TASK TO CARRY OUT: Across the listing below, how many lines include the word "sketch"? The answer is that number, with nothing added.
- - - - - - -
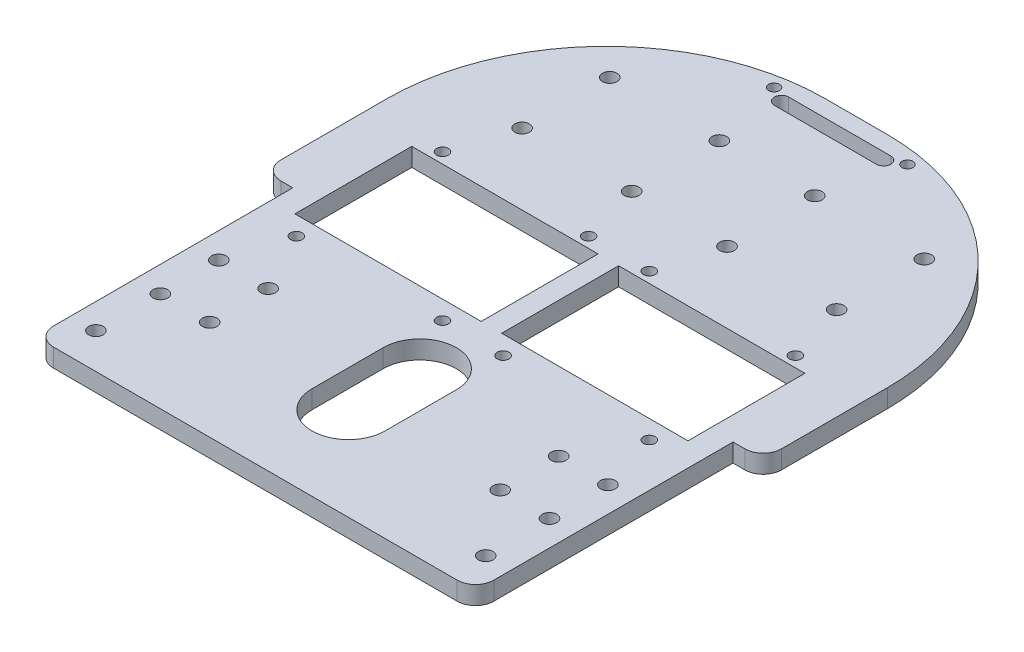
SolidWorks part; units mm, degrees
ref_plane "Front Plane" through (0, 0, 0) normal (0, 0, 1) x (1, 0, 0)
ref_plane "Top Plane" through (0, 0, 0) normal (0, 1, 0) x (1, 0, 0)
ref_plane "Right Plane" through (0, 0, 0) normal (1, 0, 0) x (0, 0, -1)
sketch "Sketch1" plane through (0, 0, 0) normal (0, 1, 0) x (1, 0, 0)
  line L0 (0, 90.99) -> (0, -94.01) construction
  line L1 (-94.5795, 0) -> (90.4205, 0) construction
  line L2 (-68.5, 80) -> (-68.5, -84.5)
  line L3 (-68.5, -84.5) -> (68.5, -84.5)
  line L4 (68.5, -84.5) -> (68.5, 80)
  line L5 (68.5, 80) -> (-68.5, 80)
  line L6 (-68.5, -14) -> (-68.5, -90)
  line L7 (-68.5, -90) -> (-60.25, -90)
  line L8 (-60.25, -90) -> (-60.25, -14)
  line L9 (-60.25, -14) -> (-68.5, -14)
  line L10 (60.25, -90) -> (60.25, -14)
  line L11 (68.5, -90) -> (60.25, -90)
  line L12 (68.5, -14) -> (68.5, -90)
  line L13 (60.25, -14) -> (68.5, -14)
  dimension "D1" = 60.25
  dimension "D2" = 68.5
  dimension "D3" = 80
  dimension "D4" = 185
  dimension "D5" = 185
  dimension "D6" = 84.5
  dimension "D7" = 76
  dimension "D8" = 94
  dimension "D9" = 68.5
extrude "Boss-Extrude2" add sketch "Sketch1" along normal blind 5 contours L10 L13 L4 L5 L2 L9 L8 L7 L3 L11 region at (0, 0, -0.308)
fillet "Fillet8" radius 60 2 edges at (68.5, 2.5, -80) (-68.5, 2.5, -80)
sketch "Sketch4" plane through (0, 5, 0) normal (0, 1, 0) x (1, 0, 0)
  line L0 (0, 0) -> (0, 80) construction
  line L1 (0, 80) -> (0, -84.5) construction
  line L2 (0, -39.5) -> (0, -59) construction
  line L3 (-68.5, 3) -> (68.5, 3) construction
  line L4 (-68.5, 20) -> (-68.5, -14) construction
  line L5 (68.5, -14) -> (68.5, 20) construction
  line L6 (-60.25, -84.5) -> (-60.25, -14) construction
  line L7 (8.5, 80) -> (-8.5, 80) construction
  line L8 (-60.25, -84.5) -> (60.25, -84.5) construction
  line L9 (60.25, -84.5) -> (60.25, -14) construction
  line L10 (-60.25, -49.25) -> (60.25, -49.25) construction
  line L13 (10, -39.5) -> (10, -59)
  line L16 (-10, -39.5) -> (-10, -59)
  line L17 (-53.7989, 12.1126) -> (-2.7989, 12.1126)
  line L18 (-2.7989, 12.1126) -> (-53.7989, 12.1126) construction
  line L19 (-53.7989, 12.1126) -> (-53.7989, -19.8874) construction
  line L20 (-2.7989, 12.1126) -> (-2.7989, -19.8874)
  line L21 (-2.7989, -19.8874) -> (-53.7989, -19.8874)
  line L22 (-53.7989, -19.8874) -> (-53.7989, 12.1126)
  line L23 (2.7989, -19.8874) -> (53.7989, -19.8874)
  line L24 (2.7989, 12.1126) -> (2.7989, -19.8874)
  line L25 (53.7989, 12.1126) -> (2.7989, 12.1126)
  line L26 (53.7989, -19.8874) -> (53.7989, 12.1126)
  line L27 (-13.9003, 73.4227) -> (14.0397, 73.4227) construction
  line L28 (-13.9003, 72.4027) -> (-13.9003, 74.4427) construction
  line L29 (14.0397, 72.4027) -> (14.0397, 74.4427) construction
  line L30 (-13.9003, 75.39) -> (14.0397, 75.39)
  line L31 (-13.9003, 71.4554) -> (14.0397, 71.4554)
  line L32 (-60.25, -84.5) -> (-60.25, -14) construction
  line L33 (-60.25, -84.5) -> (60.25, -84.5) construction
  circle A2 centre (-39.75, -41.25) radius 2
  circle A10 centre (39.75, -41.25) radius 2
  circle A13 centre (39.75, -57.25) radius 2
  circle A14 centre (-39.75, -57.25) radius 2
  circle A15 centre (-53.25, -41.25) radius 2
  circle A16 centre (-53.25, -57.25) radius 2
  circle A17 centre (53.25, -57.25) radius 2
  circle A18 centre (53.25, -41.25) radius 2
  arc A23 (10, -39.5) -> (-10, -39.5) centre (0, -39.5) ccw
  arc A24 (-10, -59) -> (10, -59) centre (0, -59) ccw
  circle A25 centre (-48.2989, 15.0126) radius 1.605
  circle A26 centre (-8.2989, 15.0126) radius 1.605
  circle A27 centre (-48.2989, -24.9874) radius 1.605
  circle A28 centre (-8.2989, -24.9874) radius 1.605
  circle A29 centre (48.2989, -24.9874) radius 1.605
  circle A30 centre (8.2989, -24.9874) radius 1.605
  circle A31 centre (8.2989, 15.0126) radius 1.605
  circle A32 centre (48.2989, 15.0126) radius 1.605
  circle A37 centre (13.0471, 55.5443) radius 2
  circle A38 centre (43.0471, 55.5443) radius 2
  circle A39 centre (43.0471, 31.5443) radius 2
  circle A40 centre (13.0471, 31.5443) radius 2
  circle A41 centre (-43.0471, 55.5443) radius 2
  circle A42 centre (-43.0471, 31.5443) radius 2
  circle A43 centre (-13.0471, 31.5443) radius 2
  circle A44 centre (-13.0471, 55.5443) radius 2
  circle A46 centre (-18.1803, 75.6527) radius 1.5
  circle A47 centre (18.3197, 75.6527) radius 1.5
  arc A48 (-13.9003, 75.39) -> (-13.9003, 71.4554) centre (-13.9003, 73.4227) ccw
  arc A49 (14.0397, 71.4554) -> (14.0397, 75.39) centre (14.0397, 73.4227) ccw
  circle A51 centre (-53.349, -74.7963) radius 2
  circle A52 centre (53.349, -74.7963) radius 2
  point P50 (0, -49.25)
  point P110 (0.0697, 73.4227)
  dimension "D2" = 4
  dimension "D13" = 4
  dimension "D10" = 7
  dimension "D11" = 20
  dimension "D5" = 3.21
  dimension "D6" = 4
  dimension "D7" = 3
  dimension "D3" = 16
  dimension "D4" = 16
  dimension "D8" = 3.9345
  dimension "D9" = 13.5
  dimension "D14" = 6.901
  dimension "D15" = 9.7037
  dimension "D16" = 19.5
extrude "Cut-Extrude1" cut sketch "Sketch4" against normal blind 5
fillet "Fillet17" radius 5 4 edges at (68.5, 2.5, 14) (60.25, 2.5, 84.5) (-60.25, 2.5, 84.5) (-68.5, 2.5, 14)
ref_plane "Plane1" through (60.25, 5, 14) normal (0, 0, -1) x (-1, 0, 0)
- - - - - - -
ANSWER SPACE: 4